Jamie Vardy dan Riyad Mahrez tentu menjadi fokus media dan para pemirsa di musim ini sebagai pembuktian ia layak di cap sebagai one season wonder player atau bukan. Namun, daripada menunggu kepastian tersebut yang baru bisa dibahas di penghujung musim nanti, lebih baik melihat siapa saja yang pernah mendapatkan cap ini…

Miguel ‘Michu’ Cuesta

Michu adalah nama yang selalu diperbincangkan sepanjang musim 2012/13 lalu. Penyerang asal Spanyol ini sejatinya mampu memberikan kontribusi yang sangat besar bagi Swansea City.
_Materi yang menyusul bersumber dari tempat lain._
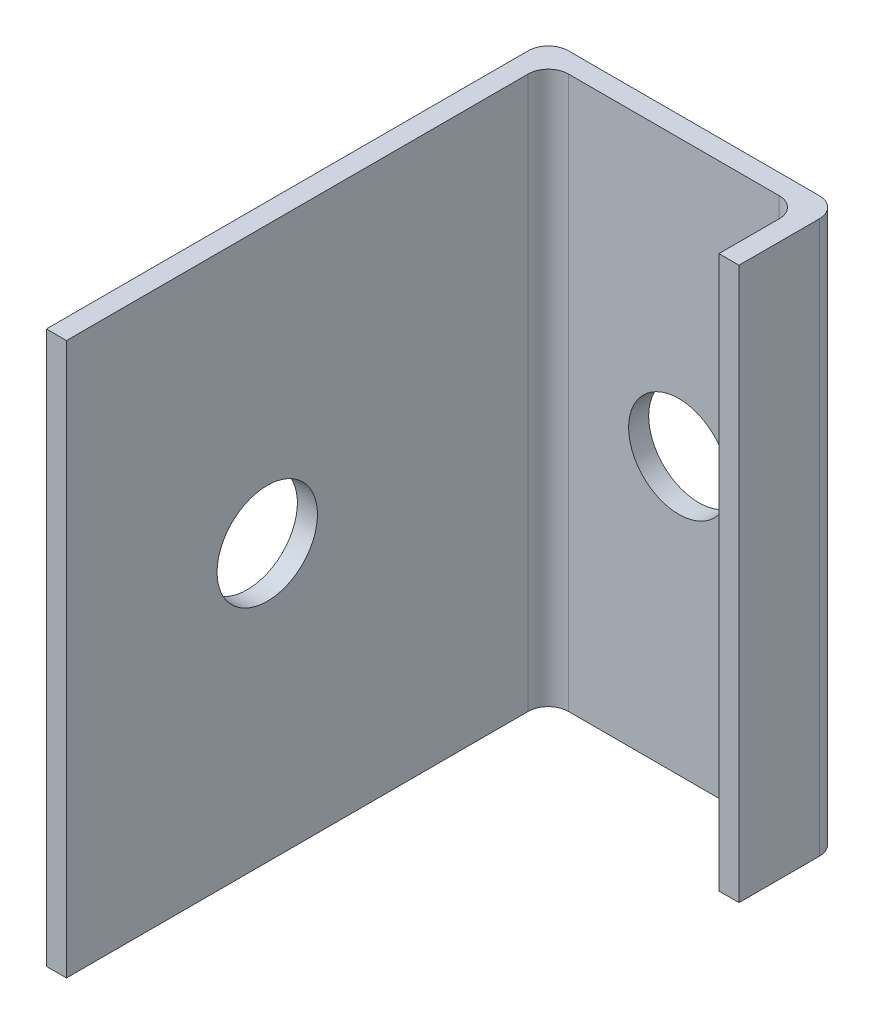
ISO-10303-21;
HEADER;
FILE_DESCRIPTION(('STEP AP214'),'2;1');
FILE_NAME('part.step','',(''),(''),'','','');
FILE_SCHEMA(('AUTOMOTIVE_DESIGN { 1 0 10303 214 1 1 1 1 }'));
ENDSEC;
DATA;
#1=APPLICATION_CONTEXT('core data for automotive mechanical design processes');
#2=APPLICATION_PROTOCOL_DEFINITION('international standard','automotive_design',2000,#1);
#3=PRODUCT_CONTEXT('',#1,'mechanical');
#4=PRODUCT('Part','Part','',(#3));
#5=PRODUCT_RELATED_PRODUCT_CATEGORY('part','',(#4));
#6=PRODUCT_DEFINITION_FORMATION('','',#4);
#7=PRODUCT_DEFINITION_CONTEXT('part definition',#1,'design');
#8=PRODUCT_DEFINITION('design','',#6,#7);
#9=PRODUCT_DEFINITION_SHAPE('','',#8);
#10=(LENGTH_UNIT() NAMED_UNIT(*) SI_UNIT(.MILLI.,.METRE.));
#11=(NAMED_UNIT(*) PLANE_ANGLE_UNIT() SI_UNIT($,.RADIAN.));
#12=(NAMED_UNIT(*) SI_UNIT($,.STERADIAN.) SOLID_ANGLE_UNIT());
#13=UNCERTAINTY_MEASURE_WITH_UNIT(LENGTH_MEASURE(1.E-05),#10,'distance_accuracy_value','');
#14=(GEOMETRIC_REPRESENTATION_CONTEXT(3) GLOBAL_UNCERTAINTY_ASSIGNED_CONTEXT((#13)) GLOBAL_UNIT_ASSIGNED_CONTEXT((#10,
#11,#12)) REPRESENTATION_CONTEXT('',''));
#15=CARTESIAN_POINT('',(0.,0.,0.));
#16=DIRECTION('',(0.,0.,1.));
#17=DIRECTION('',(1.,0.,0.));
#18=AXIS2_PLACEMENT_3D('',#15,#16,#17);
#19=CARTESIAN_POINT('',(-61.1613974505327,55.,27.487824391172));
#20=DIRECTION('',(0.,0.,-1.));
#21=DIRECTION('',(-1.,0.,0.));
#22=AXIS2_PLACEMENT_3D('',#19,#20,#21);
#23=PLANE('',#22);
#24=DIRECTION('',(1.,0.,0.));
#25=VECTOR('',#24,1.);
#26=CARTESIAN_POINT('',(-61.1613974505327,0.,27.487824391172));
#27=LINE('',#26,#25);
#28=CARTESIAN_POINT('',(-61.1613974505327,0.,27.487824391172));
#29=VERTEX_POINT('',#28);
#30=CARTESIAN_POINT('',(-59.1613974505327,0.,27.487824391172));
#31=VERTEX_POINT('',#30);
#32=EDGE_CURVE('E153',#29,#31,#27,.T.);
#33=ORIENTED_EDGE('',*,*,#32,.T.);
#34=DIRECTION('',(0.,-1.,0.));
#35=VECTOR('',#34,1.);
#36=CARTESIAN_POINT('',(-59.1613974505327,55.,27.487824391172));
#37=LINE('',#36,#35);
#38=CARTESIAN_POINT('',(-59.1613974505327,55.,27.487824391172));
#39=VERTEX_POINT('',#38);
#40=EDGE_CURVE('E11',#39,#31,#37,.T.);
#41=ORIENTED_EDGE('',*,*,#40,.F.);
#42=DIRECTION('',(1.,0.,0.));
#43=VECTOR('',#42,1.);
#44=CARTESIAN_POINT('',(-61.1613974505327,55.,27.487824391172));
#45=LINE('',#44,#43);
#46=CARTESIAN_POINT('',(-61.1613974505327,55.,27.487824391172));
#47=VERTEX_POINT('',#46);
#48=EDGE_CURVE('E176',#47,#39,#45,.T.);
#49=ORIENTED_EDGE('',*,*,#48,.F.);
#50=DIRECTION('',(0.,-1.,0.));
#51=VECTOR('',#50,1.);
#52=CARTESIAN_POINT('',(-61.1613974505327,55.,27.487824391172));
#53=LINE('',#52,#51);
#54=EDGE_CURVE('E149',#47,#29,#53,.T.);
#55=ORIENTED_EDGE('',*,*,#54,.T.);
#56=EDGE_LOOP('',(#33,#41,#49,#55));
#57=FACE_BOUND('',#56,.T.);
#58=ADVANCED_FACE('F33',(#57),#23,.F.);
#59=CARTESIAN_POINT('',(-59.1613974505327,55.,27.487824391172));
#60=DIRECTION('',(-1.,0.,0.));
#61=DIRECTION('',(0.,0.,1.));
#62=AXIS2_PLACEMENT_3D('',#59,#60,#61);
#63=PLANE('',#62);
#64=CARTESIAN_POINT('',(-59.1613974505327,27.5,7.48782439117199));
#65=DIRECTION('',(-1.,0.,0.));
#66=DIRECTION('',(0.,0.,1.));
#67=AXIS2_PLACEMENT_3D('',#64,#65,#66);
#68=CIRCLE('',#67,5.);
#69=CARTESIAN_POINT('',(-59.1613974505327,27.5,12.487824391172));
#70=VERTEX_POINT('',#69);
#71=EDGE_CURVE('E292',#70,#70,#68,.T.);
#72=ORIENTED_EDGE('',*,*,#71,.T.);
#73=EDGE_LOOP('',(#72));
#74=FACE_BOUND('',#73,.T.);
#75=DIRECTION('',(0.,0.,-1.));
#76=VECTOR('',#75,1.);
#77=CARTESIAN_POINT('',(-59.1613974505327,0.,27.487824391172));
#78=LINE('',#77,#76);
#79=CARTESIAN_POINT('',(-59.1613974505327,0.,-18.512175608828));
#80=VERTEX_POINT('',#79);
#81=EDGE_CURVE('E156',#31,#80,#78,.T.);
#82=ORIENTED_EDGE('',*,*,#81,.T.);
#83=DIRECTION('',(0.,-1.,0.));
#84=VECTOR('',#83,1.);
#85=CARTESIAN_POINT('',(-59.1613974505327,55.,-18.512175608828));
#86=LINE('',#85,#84);
#87=CARTESIAN_POINT('',(-59.1613974505327,55.,-18.512175608828));
#88=VERTEX_POINT('',#87);
#89=EDGE_CURVE('E41',#88,#80,#86,.T.);
#90=ORIENTED_EDGE('',*,*,#89,.F.);
#91=DIRECTION('',(0.,0.,-1.));
#92=VECTOR('',#91,1.);
#93=CARTESIAN_POINT('',(-59.1613974505327,55.,27.487824391172));
#94=LINE('',#93,#92);
#95=EDGE_CURVE('E104',#39,#88,#94,.T.);
#96=ORIENTED_EDGE('',*,*,#95,.F.);
#97=ORIENTED_EDGE('',*,*,#40,.T.);
#98=EDGE_LOOP('',(#82,#90,#96,#97));
#99=FACE_BOUND('',#98,.T.);
#100=ADVANCED_FACE('F256',(#74,#99),#63,.F.);
#101=CARTESIAN_POINT('',(-57.1613974505327,55.,-18.512175608828));
#102=DIRECTION('',(0.,-1.,0.));
#103=DIRECTION('',(0.,0.,-1.));
#104=AXIS2_PLACEMENT_3D('',#101,#102,#103);
#105=CYLINDRICAL_SURFACE('',#104,2.);
#106=CARTESIAN_POINT('',(-57.1613974505327,0.,-18.512175608828));
#107=DIRECTION('',(0.,-1.,0.));
#108=DIRECTION('',(0.,0.,1.));
#109=AXIS2_PLACEMENT_3D('',#106,#107,#108);
#110=CIRCLE('',#109,2.);
#111=CARTESIAN_POINT('',(-57.1613974505327,0.,-20.512175608828));
#112=VERTEX_POINT('',#111);
#113=EDGE_CURVE('E159',#80,#112,#110,.T.);
#114=ORIENTED_EDGE('',*,*,#113,.T.);
#115=DIRECTION('',(0.,-1.,0.));
#116=VECTOR('',#115,1.);
#117=CARTESIAN_POINT('',(-57.1613974505327,55.,-20.512175608828));
#118=LINE('',#117,#116);
#119=CARTESIAN_POINT('',(-57.1613974505327,55.,-20.512175608828));
#120=VERTEX_POINT('',#119);
#121=EDGE_CURVE('E195',#120,#112,#118,.T.);
#122=ORIENTED_EDGE('',*,*,#121,.F.);
#123=CARTESIAN_POINT('',(-57.1613974505327,55.,-18.512175608828));
#124=DIRECTION('',(0.,-1.,0.));
#125=DIRECTION('',(0.,0.,1.));
#126=AXIS2_PLACEMENT_3D('',#123,#124,#125);
#127=CIRCLE('',#126,2.);
#128=EDGE_CURVE('E203',#88,#120,#127,.T.);
#129=ORIENTED_EDGE('',*,*,#128,.F.);
#130=ORIENTED_EDGE('',*,*,#89,.T.);
#131=EDGE_LOOP('',(#114,#122,#129,#130));
#132=FACE_BOUND('',#131,.T.);
#133=ADVANCED_FACE('F201',(#132),#105,.F.);
#134=CARTESIAN_POINT('',(-57.1613974505327,55.,-20.512175608828));
#135=DIRECTION('',(0.,0.,-1.));
#136=DIRECTION('',(-1.,0.,0.));
#137=AXIS2_PLACEMENT_3D('',#134,#135,#136);
#138=PLANE('',#137);
#139=CARTESIAN_POINT('',(-46.1613974505327,27.5,-20.512175608828));
#140=DIRECTION('',(0.,0.,-1.));
#141=DIRECTION('',(-1.,0.,0.));
#142=AXIS2_PLACEMENT_3D('',#139,#140,#141);
#143=CIRCLE('',#142,4.99999999999999);
#144=CARTESIAN_POINT('',(-51.1613974505327,27.5,-20.512175608828));
#145=VERTEX_POINT('',#144);
#146=EDGE_CURVE('E157',#145,#145,#143,.T.);
#147=ORIENTED_EDGE('',*,*,#146,.T.);
#148=EDGE_LOOP('',(#147));
#149=FACE_BOUND('',#148,.T.);
#150=DIRECTION('',(1.,0.,0.));
#151=VECTOR('',#150,1.);
#152=CARTESIAN_POINT('',(-57.1613974505327,0.,-20.512175608828));
#153=LINE('',#152,#151);
#154=CARTESIAN_POINT('',(-36.1613974505327,0.,-20.512175608828));
#155=VERTEX_POINT('',#154);
#156=EDGE_CURVE('E161',#112,#155,#153,.T.);
#157=ORIENTED_EDGE('',*,*,#156,.T.);
#158=DIRECTION('',(0.,-1.,0.));
#159=VECTOR('',#158,1.);
#160=CARTESIAN_POINT('',(-36.1613974505327,55.,-20.512175608828));
#161=LINE('',#160,#159);
#162=CARTESIAN_POINT('',(-36.1613974505327,55.,-20.512175608828));
#163=VERTEX_POINT('',#162);
#164=EDGE_CURVE('E192',#163,#155,#161,.T.);
#165=ORIENTED_EDGE('',*,*,#164,.F.);
#166=DIRECTION('',(1.,0.,0.));
#167=VECTOR('',#166,1.);
#168=CARTESIAN_POINT('',(-57.1613974505327,55.,-20.512175608828));
#169=LINE('',#168,#167);
#170=EDGE_CURVE('E221',#120,#163,#169,.T.);
#171=ORIENTED_EDGE('',*,*,#170,.F.);
#172=ORIENTED_EDGE('',*,*,#121,.T.);
#173=EDGE_LOOP('',(#157,#165,#171,#172));
#174=FACE_BOUND('',#173,.T.);
#175=ADVANCED_FACE('F212',(#149,#174),#138,.F.);
#176=CARTESIAN_POINT('',(-36.1613974505327,55.,-18.512175608828));
#177=DIRECTION('',(0.,-1.,0.));
#178=DIRECTION('',(0.,0.,-1.));
#179=AXIS2_PLACEMENT_3D('',#176,#177,#178);
#180=CYLINDRICAL_SURFACE('',#179,2.);
#181=CARTESIAN_POINT('',(-36.1613974505327,0.,-18.512175608828));
#182=DIRECTION('',(0.,-1.,0.));
#183=DIRECTION('',(0.,0.,-1.));
#184=AXIS2_PLACEMENT_3D('',#181,#182,#183);
#185=CIRCLE('',#184,2.);
#186=CARTESIAN_POINT('',(-34.1613974505327,0.,-18.512175608828));
#187=VERTEX_POINT('',#186);
#188=EDGE_CURVE('E163',#155,#187,#185,.T.);
#189=ORIENTED_EDGE('',*,*,#188,.T.);
#190=DIRECTION('',(0.,-1.,0.));
#191=VECTOR('',#190,1.);
#192=CARTESIAN_POINT('',(-34.1613974505327,55.,-18.512175608828));
#193=LINE('',#192,#191);
#194=CARTESIAN_POINT('',(-34.1613974505327,55.,-18.512175608828));
#195=VERTEX_POINT('',#194);
#196=EDGE_CURVE('E189',#195,#187,#193,.T.);
#197=ORIENTED_EDGE('',*,*,#196,.F.);
#198=CARTESIAN_POINT('',(-36.1613974505327,55.,-18.512175608828));
#199=DIRECTION('',(0.,-1.,0.));
#200=DIRECTION('',(0.,0.,-1.));
#201=AXIS2_PLACEMENT_3D('',#198,#199,#200);
#202=CIRCLE('',#201,2.);
#203=EDGE_CURVE('E218',#163,#195,#202,.T.);
#204=ORIENTED_EDGE('',*,*,#203,.F.);
#205=ORIENTED_EDGE('',*,*,#164,.T.);
#206=EDGE_LOOP('',(#189,#197,#204,#205));
#207=FACE_BOUND('',#206,.T.);
#208=ADVANCED_FACE('F216',(#207),#180,.F.);
#209=CARTESIAN_POINT('',(-34.1613974505327,55.,-18.512175608828));
#210=DIRECTION('',(1.,0.,0.));
#211=DIRECTION('',(0.,0.,-1.));
#212=AXIS2_PLACEMENT_3D('',#209,#210,#211);
#213=PLANE('',#212);
#214=DIRECTION('',(0.,0.,1.));
#215=VECTOR('',#214,1.);
#216=CARTESIAN_POINT('',(-34.1613974505327,0.,-18.512175608828));
#217=LINE('',#216,#215);
#218=CARTESIAN_POINT('',(-34.1613974505327,0.,-12.512175608828));
#219=VERTEX_POINT('',#218);
#220=EDGE_CURVE('E165',#187,#219,#217,.T.);
#221=ORIENTED_EDGE('',*,*,#220,.T.);
#222=DIRECTION('',(0.,-1.,0.));
#223=VECTOR('',#222,1.);
#224=CARTESIAN_POINT('',(-34.1613974505327,55.,-12.512175608828));
#225=LINE('',#224,#223);
#226=CARTESIAN_POINT('',(-34.1613974505327,55.,-12.512175608828));
#227=VERTEX_POINT('',#226);
#228=EDGE_CURVE('E186',#227,#219,#225,.T.);
#229=ORIENTED_EDGE('',*,*,#228,.F.);
#230=DIRECTION('',(0.,0.,1.));
#231=VECTOR('',#230,1.);
#232=CARTESIAN_POINT('',(-34.1613974505327,55.,-18.512175608828));
#233=LINE('',#232,#231);
#234=EDGE_CURVE('E220',#195,#227,#233,.T.);
#235=ORIENTED_EDGE('',*,*,#234,.F.);
#236=ORIENTED_EDGE('',*,*,#196,.T.);
#237=EDGE_LOOP('',(#221,#229,#235,#236));
#238=FACE_BOUND('',#237,.T.);
#239=ADVANCED_FACE('F272',(#238),#213,.F.);
#240=CARTESIAN_POINT('',(-34.1613974505327,55.,-12.512175608828));
#241=DIRECTION('',(0.,0.,-1.));
#242=DIRECTION('',(-1.,0.,0.));
#243=AXIS2_PLACEMENT_3D('',#240,#241,#242);
#244=PLANE('',#243);
#245=DIRECTION('',(1.,0.,0.));
#246=VECTOR('',#245,1.);
#247=CARTESIAN_POINT('',(-34.1613974505327,0.,-12.512175608828));
#248=LINE('',#247,#246);
#249=CARTESIAN_POINT('',(-32.1613974505327,0.,-12.512175608828));
#250=VERTEX_POINT('',#249);
#251=EDGE_CURVE('E167',#219,#250,#248,.T.);
#252=ORIENTED_EDGE('',*,*,#251,.T.);
#253=DIRECTION('',(0.,-1.,0.));
#254=VECTOR('',#253,1.);
#255=CARTESIAN_POINT('',(-32.1613974505327,55.,-12.512175608828));
#256=LINE('',#255,#254);
#257=CARTESIAN_POINT('',(-32.1613974505327,55.,-12.512175608828));
#258=VERTEX_POINT('',#257);
#259=EDGE_CURVE('E183',#258,#250,#256,.T.);
#260=ORIENTED_EDGE('',*,*,#259,.F.);
#261=DIRECTION('',(1.,0.,0.));
#262=VECTOR('',#261,1.);
#263=CARTESIAN_POINT('',(-34.1613974505327,55.,-12.512175608828));
#264=LINE('',#263,#262);
#265=EDGE_CURVE('E223',#227,#258,#264,.T.);
#266=ORIENTED_EDGE('',*,*,#265,.F.);
#267=ORIENTED_EDGE('',*,*,#228,.T.);
#268=EDGE_LOOP('',(#252,#260,#266,#267));
#269=FACE_BOUND('',#268,.T.);
#270=ADVANCED_FACE('F275',(#269),#244,.F.);
#271=CARTESIAN_POINT('',(-32.1613974505327,55.,-20.512175608828));
#272=DIRECTION('',(-1.,0.,0.));
#273=DIRECTION('',(0.,0.,1.));
#274=AXIS2_PLACEMENT_3D('',#271,#272,#273);
#275=PLANE('',#274);
#276=DIRECTION('',(0.,0.,-1.));
#277=VECTOR('',#276,1.);
#278=CARTESIAN_POINT('',(-32.1613974505327,0.,-20.512175608828));
#279=LINE('',#278,#277);
#280=CARTESIAN_POINT('',(-32.1613974505327,0.,-20.512175608828));
#281=VERTEX_POINT('',#280);
#282=EDGE_CURVE('E169',#250,#281,#279,.T.);
#283=ORIENTED_EDGE('',*,*,#282,.T.);
#284=DIRECTION('',(0.,-1.,0.));
#285=VECTOR('',#284,1.);
#286=CARTESIAN_POINT('',(-32.1613974505327,55.,-20.512175608828));
#287=LINE('',#286,#285);
#288=CARTESIAN_POINT('',(-32.1613974505327,55.,-20.512175608828));
#289=VERTEX_POINT('',#288);
#290=EDGE_CURVE('E180',#289,#281,#287,.T.);
#291=ORIENTED_EDGE('',*,*,#290,.F.);
#292=DIRECTION('',(0.,0.,-1.));
#293=VECTOR('',#292,1.);
#294=CARTESIAN_POINT('',(-32.1613974505327,55.,-20.512175608828));
#295=LINE('',#294,#293);
#296=EDGE_CURVE('E229',#258,#289,#295,.T.);
#297=ORIENTED_EDGE('',*,*,#296,.F.);
#298=ORIENTED_EDGE('',*,*,#259,.T.);
#299=EDGE_LOOP('',(#283,#291,#297,#298));
#300=FACE_BOUND('',#299,.T.);
#301=ADVANCED_FACE('F235',(#300),#275,.F.);
#302=CARTESIAN_POINT('',(-34.1613974505327,55.,-20.512175608828));
#303=DIRECTION('',(0.,-1.,0.));
#304=DIRECTION('',(0.,0.,-1.));
#305=AXIS2_PLACEMENT_3D('',#302,#303,#304);
#306=CYLINDRICAL_SURFACE('',#305,2.);
#307=CARTESIAN_POINT('',(-34.1613974505327,0.,-20.512175608828));
#308=DIRECTION('',(0.,1.,0.));
#309=DIRECTION('',(0.,0.,1.));
#310=AXIS2_PLACEMENT_3D('',#307,#308,#309);
#311=CIRCLE('',#310,2.);
#312=CARTESIAN_POINT('',(-34.1613974505327,0.,-22.512175608828));
#313=VERTEX_POINT('',#312);
#314=EDGE_CURVE('E171',#281,#313,#311,.T.);
#315=ORIENTED_EDGE('',*,*,#314,.T.);
#316=DIRECTION('',(0.,-1.,0.));
#317=VECTOR('',#316,1.);
#318=CARTESIAN_POINT('',(-34.1613974505327,55.,-22.512175608828));
#319=LINE('',#318,#317);
#320=CARTESIAN_POINT('',(-34.1613974505327,55.,-22.512175608828));
#321=VERTEX_POINT('',#320);
#322=EDGE_CURVE('E144',#321,#313,#319,.T.);
#323=ORIENTED_EDGE('',*,*,#322,.F.);
#324=CARTESIAN_POINT('',(-34.1613974505327,55.,-20.512175608828));
#325=DIRECTION('',(0.,1.,0.));
#326=DIRECTION('',(0.,0.,1.));
#327=AXIS2_PLACEMENT_3D('',#324,#325,#326);
#328=CIRCLE('',#327,2.);
#329=EDGE_CURVE('E135',#289,#321,#328,.T.);
#330=ORIENTED_EDGE('',*,*,#329,.F.);
#331=ORIENTED_EDGE('',*,*,#290,.T.);
#332=EDGE_LOOP('',(#315,#323,#330,#331));
#333=FACE_BOUND('',#332,.T.);
#334=ADVANCED_FACE('F239',(#333),#306,.T.);
#335=CARTESIAN_POINT('',(-59.1613974505327,55.,-22.512175608828));
#336=DIRECTION('',(0.,0.,1.));
#337=DIRECTION('',(1.,0.,0.));
#338=AXIS2_PLACEMENT_3D('',#335,#336,#337);
#339=PLANE('',#338);
#340=CARTESIAN_POINT('',(-46.1613974505327,27.5,-22.512175608828));
#341=DIRECTION('',(0.,0.,-1.));
#342=DIRECTION('',(-1.,0.,0.));
#343=AXIS2_PLACEMENT_3D('',#340,#341,#342);
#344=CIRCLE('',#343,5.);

Total 22 gol dari 43 laga di musim tersebut tentu melebihi ekspetasi dari pemain yang sebelumnya bermain untuk Rayo Vallecano dan baru bermain untuk pertama kali di Premier League Inggris.

Trofi Piala Liga di musim yang sama adalah prasasti dari kesaktian Michu bersama Swansea City. Di laga final, Michu menyumbangkan sebiji golnya dari lima gol yang bersarang di gawang Bradford City. Namun, musim berikutnya, kesaktian Michu menguap begitu saja seiring cedera yang menimpanya.

Antonio Nocerino

Tepat satu jam sebelum bursa transfer musim panas 2011 lalu di tutup, AC Milan berhasil memboyong gelandang bertenaga, Antonio Nocerino. Tentu saja tak ada ekspetasi berlebih dari pemain yang sebelumnya hanya membela Palermo dan mempunyai banderol €500 ribu.

Namun, catatan 10 gol bagi seorang gelandang tengah adalah sebuah prestasi. Penampilan impressifnya bersama AC Milan di musim 2011/12 bahkan dihargai oleh Forza Italian Football sebagai transfer terbaik musim tersebut. Nocerino sendiri bertahan di Milan dua musim selanjutnya dan sepanjang dua musim itu ia hanya mampu mencetak dua gol saja. Kontras sekali dengan apa yang ia tampilkan di musim pertama. Nocerino akhirnya menghabiskan sisa kontraknya di Milan dengan menjadi pemain pinjaman.